Example Consider 3 decimal digit numbers, i.e. \((p = 3, \beta = 10)\), assume \(L,U = [-10, 10]\). Then

\[1.54\times 10^1 + 2.56\times 10^{-1} = 15.4 + 0.256 = 15.656 \rightarrow 1.57 \times 10^1\]

Distance between two adjacent floating number => Machine epsilon

The distance from 1 to the next bigger floating-point number will be \(1.00...0 \times \beta^0\), the next number will be \(1.00...01\times \beta^0\), \(d=\beta^{1-p}=:\epsilon_{mach}\), which is the machine epsilon.

For each adjacent pair of numbers \(a, b\) in \([\beta^i, \beta_{i+1}), d(a, b) = \beta^i \epsilon_{mach}\), a.k.a. numbers are evenly spread with tte distance apart \(=\beta^i \epsilon_{mach}\)

For some real number \(a\), considering the rounding to the nearest floating point number, the absolute error \(FP(a)\), \(|fl(a) - a| \leq \frac{\beta^i\epsilon_{mach}}{2}\) and the relative error \(\frac{|fp(a)-a|}{|a|}\leq \frac{\beta^i\epsilon_{mach}}{2\beta^i} = \epsilon_{mach}/2\)

IEEE Rule of operations

IEEE has 5 Basic operations: \(+,-,\times, /, \sqrt{x}\) and guarantees that

\(fl(a \: op\: b):=\) the floating point number closest to \(a\: op\:b\), assuming using rounding to nearest mode and not exceeding UFL or OFL

\(\Rightarrow |\frac{fl(a\: op\: b) - (a\: op\: b)}{a\: op\: b}| \leq \frac{\epsilon_{mach}}{2}\)

If encounters UFL or OFL, this property may not be guaranteed

\[fl(2.02\times 10^{-16}\times 1.11\times 10^{-6}) \rightarrow 0.02\times 10^{-10}\]
\[\frac{|2.00\times 10^{-12} - 2.2422\times 10^{-12}|}{2.2422\times 10^{-12}} \approx 0.108 > \frac{1}{2}10^{-2}=\epsilon_{mach}/2\]

Problems with ≥2 numbers

Consider \(fl(1.00\times 10^3 + 1.00\times 10^7 - 1.00\times 10^7)\), for exact arithmetic the result will be \(1.0001\times 10^7\), while if we do the calculate in the left-right order \(fl(*) = fl(1.00\times 10^7 - 1.00\times 10^7) = 0\)
if we do the subtraction first, the result will be \(fl(1.00\times 10^3 + 0) = 1.00\times 10^3\)

Catastrophic cancellation If you compute a sum and some of the intermediate values are much larger in magnitude than the final result, then the relative error in the computed sum may be very large. (Consider the example given, $\frac{|0 - T|}{T} = 1\Rightarrow $ no accuracy at all)

Consider \(fl((a*b)*c)\), assuming no OFL/UFL, since \(fl(a*b) = (a*b)(1+\delta), |\delta| \leq \epsilon_{mach}/2\).

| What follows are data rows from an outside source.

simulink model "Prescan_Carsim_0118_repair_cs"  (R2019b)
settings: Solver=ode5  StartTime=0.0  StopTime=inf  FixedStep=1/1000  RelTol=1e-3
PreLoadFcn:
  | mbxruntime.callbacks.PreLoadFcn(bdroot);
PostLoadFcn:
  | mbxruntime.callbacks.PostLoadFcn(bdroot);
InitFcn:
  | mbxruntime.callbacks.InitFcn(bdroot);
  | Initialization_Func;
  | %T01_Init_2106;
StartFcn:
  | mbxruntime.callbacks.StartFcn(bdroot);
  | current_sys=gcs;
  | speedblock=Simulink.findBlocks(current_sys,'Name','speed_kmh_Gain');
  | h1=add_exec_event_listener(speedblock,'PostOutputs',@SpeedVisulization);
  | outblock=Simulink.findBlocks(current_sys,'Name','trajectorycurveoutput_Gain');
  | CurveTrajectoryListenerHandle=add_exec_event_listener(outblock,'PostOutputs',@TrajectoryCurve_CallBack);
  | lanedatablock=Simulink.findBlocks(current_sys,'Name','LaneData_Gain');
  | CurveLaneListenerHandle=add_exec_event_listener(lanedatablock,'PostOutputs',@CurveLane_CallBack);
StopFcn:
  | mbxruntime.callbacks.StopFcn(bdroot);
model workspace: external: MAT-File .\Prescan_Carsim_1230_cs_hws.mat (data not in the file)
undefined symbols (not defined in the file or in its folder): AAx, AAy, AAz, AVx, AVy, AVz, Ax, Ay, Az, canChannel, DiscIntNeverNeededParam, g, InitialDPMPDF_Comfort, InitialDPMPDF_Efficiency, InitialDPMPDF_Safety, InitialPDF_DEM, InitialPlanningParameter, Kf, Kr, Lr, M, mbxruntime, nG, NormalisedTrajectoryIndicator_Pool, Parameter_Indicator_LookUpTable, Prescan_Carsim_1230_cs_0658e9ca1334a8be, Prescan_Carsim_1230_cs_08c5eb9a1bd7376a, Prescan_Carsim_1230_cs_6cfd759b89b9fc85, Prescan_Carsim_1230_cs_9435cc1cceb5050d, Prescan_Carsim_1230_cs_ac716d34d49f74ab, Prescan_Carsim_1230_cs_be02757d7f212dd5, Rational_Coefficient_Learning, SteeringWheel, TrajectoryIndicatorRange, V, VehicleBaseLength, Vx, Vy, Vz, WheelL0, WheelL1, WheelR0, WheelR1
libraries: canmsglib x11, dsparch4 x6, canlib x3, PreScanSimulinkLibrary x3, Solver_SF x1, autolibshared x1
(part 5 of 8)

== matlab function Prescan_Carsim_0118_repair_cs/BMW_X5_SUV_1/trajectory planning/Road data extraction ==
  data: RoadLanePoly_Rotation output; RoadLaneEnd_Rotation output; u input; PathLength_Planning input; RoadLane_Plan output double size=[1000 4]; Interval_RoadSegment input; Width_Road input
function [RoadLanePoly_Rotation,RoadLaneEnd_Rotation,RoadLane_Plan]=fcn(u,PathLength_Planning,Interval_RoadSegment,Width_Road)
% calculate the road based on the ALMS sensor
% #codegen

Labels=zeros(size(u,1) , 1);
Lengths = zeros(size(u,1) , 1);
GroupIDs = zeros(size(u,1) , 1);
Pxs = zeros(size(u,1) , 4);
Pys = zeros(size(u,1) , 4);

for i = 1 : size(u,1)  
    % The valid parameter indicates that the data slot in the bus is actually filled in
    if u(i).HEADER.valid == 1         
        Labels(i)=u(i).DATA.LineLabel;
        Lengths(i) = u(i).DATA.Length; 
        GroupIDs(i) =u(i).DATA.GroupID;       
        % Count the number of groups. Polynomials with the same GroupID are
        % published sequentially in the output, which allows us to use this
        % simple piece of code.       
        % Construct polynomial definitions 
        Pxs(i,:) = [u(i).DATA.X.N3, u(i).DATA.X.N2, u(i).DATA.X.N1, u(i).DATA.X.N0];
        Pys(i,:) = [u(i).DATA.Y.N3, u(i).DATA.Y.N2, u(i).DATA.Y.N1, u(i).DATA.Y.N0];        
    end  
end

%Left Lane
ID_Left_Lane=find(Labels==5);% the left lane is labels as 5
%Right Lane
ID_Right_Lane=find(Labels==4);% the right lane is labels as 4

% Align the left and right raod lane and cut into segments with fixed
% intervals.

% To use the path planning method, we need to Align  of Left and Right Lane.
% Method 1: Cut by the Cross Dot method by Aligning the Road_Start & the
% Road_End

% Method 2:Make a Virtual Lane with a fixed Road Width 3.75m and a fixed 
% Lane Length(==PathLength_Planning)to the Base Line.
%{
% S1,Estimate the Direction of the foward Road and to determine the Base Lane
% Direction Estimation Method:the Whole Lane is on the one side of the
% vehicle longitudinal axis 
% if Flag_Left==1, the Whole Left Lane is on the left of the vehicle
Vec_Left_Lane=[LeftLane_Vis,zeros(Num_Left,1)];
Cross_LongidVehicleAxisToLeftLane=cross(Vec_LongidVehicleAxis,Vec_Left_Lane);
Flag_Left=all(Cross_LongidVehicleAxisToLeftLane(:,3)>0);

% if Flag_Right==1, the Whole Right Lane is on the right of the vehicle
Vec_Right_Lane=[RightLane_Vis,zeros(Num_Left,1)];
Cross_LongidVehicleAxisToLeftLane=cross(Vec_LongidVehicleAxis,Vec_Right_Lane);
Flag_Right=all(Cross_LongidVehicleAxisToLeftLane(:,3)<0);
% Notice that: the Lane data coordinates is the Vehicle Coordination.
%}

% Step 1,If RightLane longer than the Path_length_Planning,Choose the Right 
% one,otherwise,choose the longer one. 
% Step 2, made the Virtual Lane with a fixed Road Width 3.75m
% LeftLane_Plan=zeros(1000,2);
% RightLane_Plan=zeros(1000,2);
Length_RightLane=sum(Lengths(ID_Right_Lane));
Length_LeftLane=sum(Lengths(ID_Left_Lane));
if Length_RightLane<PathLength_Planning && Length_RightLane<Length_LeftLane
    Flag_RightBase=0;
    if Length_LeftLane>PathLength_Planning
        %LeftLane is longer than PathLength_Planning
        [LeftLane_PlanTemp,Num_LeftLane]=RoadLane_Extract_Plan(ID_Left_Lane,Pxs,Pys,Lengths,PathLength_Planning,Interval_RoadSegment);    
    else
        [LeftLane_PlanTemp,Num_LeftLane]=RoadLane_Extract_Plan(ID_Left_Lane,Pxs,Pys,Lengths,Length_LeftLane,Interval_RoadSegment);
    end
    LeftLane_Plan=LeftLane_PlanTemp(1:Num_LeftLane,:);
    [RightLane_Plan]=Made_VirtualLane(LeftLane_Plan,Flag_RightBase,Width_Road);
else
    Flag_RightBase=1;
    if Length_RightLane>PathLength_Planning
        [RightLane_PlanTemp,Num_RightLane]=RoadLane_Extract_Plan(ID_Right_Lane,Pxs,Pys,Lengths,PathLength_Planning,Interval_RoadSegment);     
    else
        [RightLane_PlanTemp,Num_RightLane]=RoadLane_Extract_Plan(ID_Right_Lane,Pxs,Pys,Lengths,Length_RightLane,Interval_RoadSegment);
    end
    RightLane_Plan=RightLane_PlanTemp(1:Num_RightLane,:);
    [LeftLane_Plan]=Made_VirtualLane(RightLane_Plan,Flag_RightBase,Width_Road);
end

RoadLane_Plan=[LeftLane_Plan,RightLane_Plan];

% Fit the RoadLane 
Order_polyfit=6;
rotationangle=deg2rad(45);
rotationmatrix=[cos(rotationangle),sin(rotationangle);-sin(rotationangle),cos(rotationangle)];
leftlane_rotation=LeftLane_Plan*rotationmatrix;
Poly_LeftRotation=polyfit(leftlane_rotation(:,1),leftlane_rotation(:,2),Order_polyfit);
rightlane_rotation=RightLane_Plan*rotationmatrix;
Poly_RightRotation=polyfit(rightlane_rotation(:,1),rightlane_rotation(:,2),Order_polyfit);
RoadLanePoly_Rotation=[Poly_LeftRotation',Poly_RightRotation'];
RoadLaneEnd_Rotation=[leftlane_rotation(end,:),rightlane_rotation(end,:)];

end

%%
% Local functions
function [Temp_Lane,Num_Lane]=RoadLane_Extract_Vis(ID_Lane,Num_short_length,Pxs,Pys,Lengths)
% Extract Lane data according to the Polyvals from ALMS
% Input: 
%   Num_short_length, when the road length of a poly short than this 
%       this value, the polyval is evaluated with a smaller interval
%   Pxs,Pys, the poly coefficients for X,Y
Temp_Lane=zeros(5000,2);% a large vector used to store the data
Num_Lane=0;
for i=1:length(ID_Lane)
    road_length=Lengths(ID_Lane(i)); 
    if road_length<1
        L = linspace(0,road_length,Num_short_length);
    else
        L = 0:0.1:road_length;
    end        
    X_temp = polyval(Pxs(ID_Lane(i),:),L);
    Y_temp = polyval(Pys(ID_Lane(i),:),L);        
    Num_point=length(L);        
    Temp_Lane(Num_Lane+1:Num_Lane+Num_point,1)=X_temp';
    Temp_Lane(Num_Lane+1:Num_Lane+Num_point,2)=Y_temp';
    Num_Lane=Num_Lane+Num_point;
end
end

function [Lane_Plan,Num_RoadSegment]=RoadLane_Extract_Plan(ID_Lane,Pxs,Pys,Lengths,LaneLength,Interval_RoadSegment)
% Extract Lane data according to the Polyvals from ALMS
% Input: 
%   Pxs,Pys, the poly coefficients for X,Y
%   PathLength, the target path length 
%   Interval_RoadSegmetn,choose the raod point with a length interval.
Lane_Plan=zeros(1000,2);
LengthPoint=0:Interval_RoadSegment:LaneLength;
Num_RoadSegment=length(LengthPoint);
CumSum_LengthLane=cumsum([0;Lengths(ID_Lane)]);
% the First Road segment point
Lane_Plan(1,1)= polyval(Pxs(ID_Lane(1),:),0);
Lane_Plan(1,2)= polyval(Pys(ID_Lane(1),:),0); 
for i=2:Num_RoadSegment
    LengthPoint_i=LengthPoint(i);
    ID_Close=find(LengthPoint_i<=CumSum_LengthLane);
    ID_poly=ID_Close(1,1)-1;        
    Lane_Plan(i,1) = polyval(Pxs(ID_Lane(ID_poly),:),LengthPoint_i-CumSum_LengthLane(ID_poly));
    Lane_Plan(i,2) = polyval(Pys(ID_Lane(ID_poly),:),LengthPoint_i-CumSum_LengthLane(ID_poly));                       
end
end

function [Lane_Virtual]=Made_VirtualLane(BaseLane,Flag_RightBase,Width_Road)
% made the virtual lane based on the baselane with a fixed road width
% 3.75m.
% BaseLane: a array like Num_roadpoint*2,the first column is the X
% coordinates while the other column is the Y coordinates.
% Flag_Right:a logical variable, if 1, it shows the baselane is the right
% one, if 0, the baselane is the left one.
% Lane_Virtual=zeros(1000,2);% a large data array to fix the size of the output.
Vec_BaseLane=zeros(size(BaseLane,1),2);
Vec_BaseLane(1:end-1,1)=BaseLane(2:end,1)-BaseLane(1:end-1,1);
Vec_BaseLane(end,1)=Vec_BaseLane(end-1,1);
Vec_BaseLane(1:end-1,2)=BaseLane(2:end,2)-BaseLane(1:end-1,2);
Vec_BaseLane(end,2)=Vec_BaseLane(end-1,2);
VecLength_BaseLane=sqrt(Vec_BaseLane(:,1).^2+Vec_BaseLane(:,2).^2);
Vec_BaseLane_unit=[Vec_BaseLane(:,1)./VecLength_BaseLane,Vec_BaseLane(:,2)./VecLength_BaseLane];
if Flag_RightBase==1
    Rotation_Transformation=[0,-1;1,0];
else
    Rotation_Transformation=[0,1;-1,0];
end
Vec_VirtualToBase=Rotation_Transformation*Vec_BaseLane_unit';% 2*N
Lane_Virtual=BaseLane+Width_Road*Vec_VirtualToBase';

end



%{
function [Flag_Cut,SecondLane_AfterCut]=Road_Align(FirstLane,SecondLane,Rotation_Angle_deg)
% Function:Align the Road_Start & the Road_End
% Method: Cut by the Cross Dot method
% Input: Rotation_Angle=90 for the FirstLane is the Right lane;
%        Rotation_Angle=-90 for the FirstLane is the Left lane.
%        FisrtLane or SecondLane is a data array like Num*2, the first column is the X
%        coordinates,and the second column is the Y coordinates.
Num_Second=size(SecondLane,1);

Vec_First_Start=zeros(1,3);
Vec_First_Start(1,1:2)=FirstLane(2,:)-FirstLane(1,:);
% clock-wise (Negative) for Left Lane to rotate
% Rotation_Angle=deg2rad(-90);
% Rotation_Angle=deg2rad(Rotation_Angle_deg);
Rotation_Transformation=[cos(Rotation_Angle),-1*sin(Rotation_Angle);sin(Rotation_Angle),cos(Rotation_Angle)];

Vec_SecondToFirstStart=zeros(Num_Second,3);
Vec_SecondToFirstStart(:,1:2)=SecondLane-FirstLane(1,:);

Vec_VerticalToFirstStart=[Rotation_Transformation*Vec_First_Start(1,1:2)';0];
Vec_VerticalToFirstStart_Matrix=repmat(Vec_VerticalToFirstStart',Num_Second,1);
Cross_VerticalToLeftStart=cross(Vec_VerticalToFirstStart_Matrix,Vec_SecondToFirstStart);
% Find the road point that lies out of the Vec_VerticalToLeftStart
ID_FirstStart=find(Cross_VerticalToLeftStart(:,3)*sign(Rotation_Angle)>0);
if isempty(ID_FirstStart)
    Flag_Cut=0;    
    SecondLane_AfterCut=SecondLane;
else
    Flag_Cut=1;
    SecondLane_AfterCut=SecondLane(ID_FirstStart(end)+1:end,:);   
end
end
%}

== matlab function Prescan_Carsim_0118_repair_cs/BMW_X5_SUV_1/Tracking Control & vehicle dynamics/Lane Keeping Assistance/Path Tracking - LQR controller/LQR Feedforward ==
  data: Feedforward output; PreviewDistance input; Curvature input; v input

Then,

\[\begin{align*} fl(a*b*c) &= fl((a*b)(1+\delta)*c) \\ &= [(ab)(1+\delta_1)]c(1+\delta_2)\\ &= (abc)(1+\delta_1+\delta_2 + \delta_1\delta_2)\\ &\leq (abc)(1+\epsilon_{mach} + \epsilon^2_{mach}/4)\\ \frac{fl(a*b*c) - abc}{abc}&= \epsilon + \epsilon^2/4 \end{align*}\]

Therefore, multiplications often have fewer errors

Suppose \(a,b,c\geq 0\) (also works on \(a,b,c\leq 0\)), assume no OFL/UFL

\[\begin{align*} fl(a+b+c) &= fl((a+b)(1+\delta)+c)\\ &= ((a+b)(1+\delta_1) + c)(1+\delta_2)\\ &= ((a+b+c)(1+\hat\delta_1))(1+\delta_2)&\text{take }\hat\delta_1 *\\ &= (a+b+c)(1+\hat\delta_1)(1+\delta_2)\\ &= (a+b+c)(1+\tilde \delta) \end{align*}\]

Claim \(*\: |\hat\delta_1|\leq \epsilon/2\)

\[\begin{align*}(a+b)(1+\delta_1)+c &\leq (a+b)(1+\epsilon/2) + c&a,b,c\geq 0\\ &\leq (a+b+c)(1+\epsilon/2)\\ (a+b)(1-\delta_1)+c&\geq (a+b)(1-\epsilon/2)+c \\&\geq (a+b+c)(1-\epsilon/2) \end{align*}\]

Note \(a,b,c\) must have the same sign to make this true

Computing infinite sum

\[fl(\sum^\infty n^{-1}) = fl(\sum^N \frac{1}{n} + \frac{1}{N+1})\]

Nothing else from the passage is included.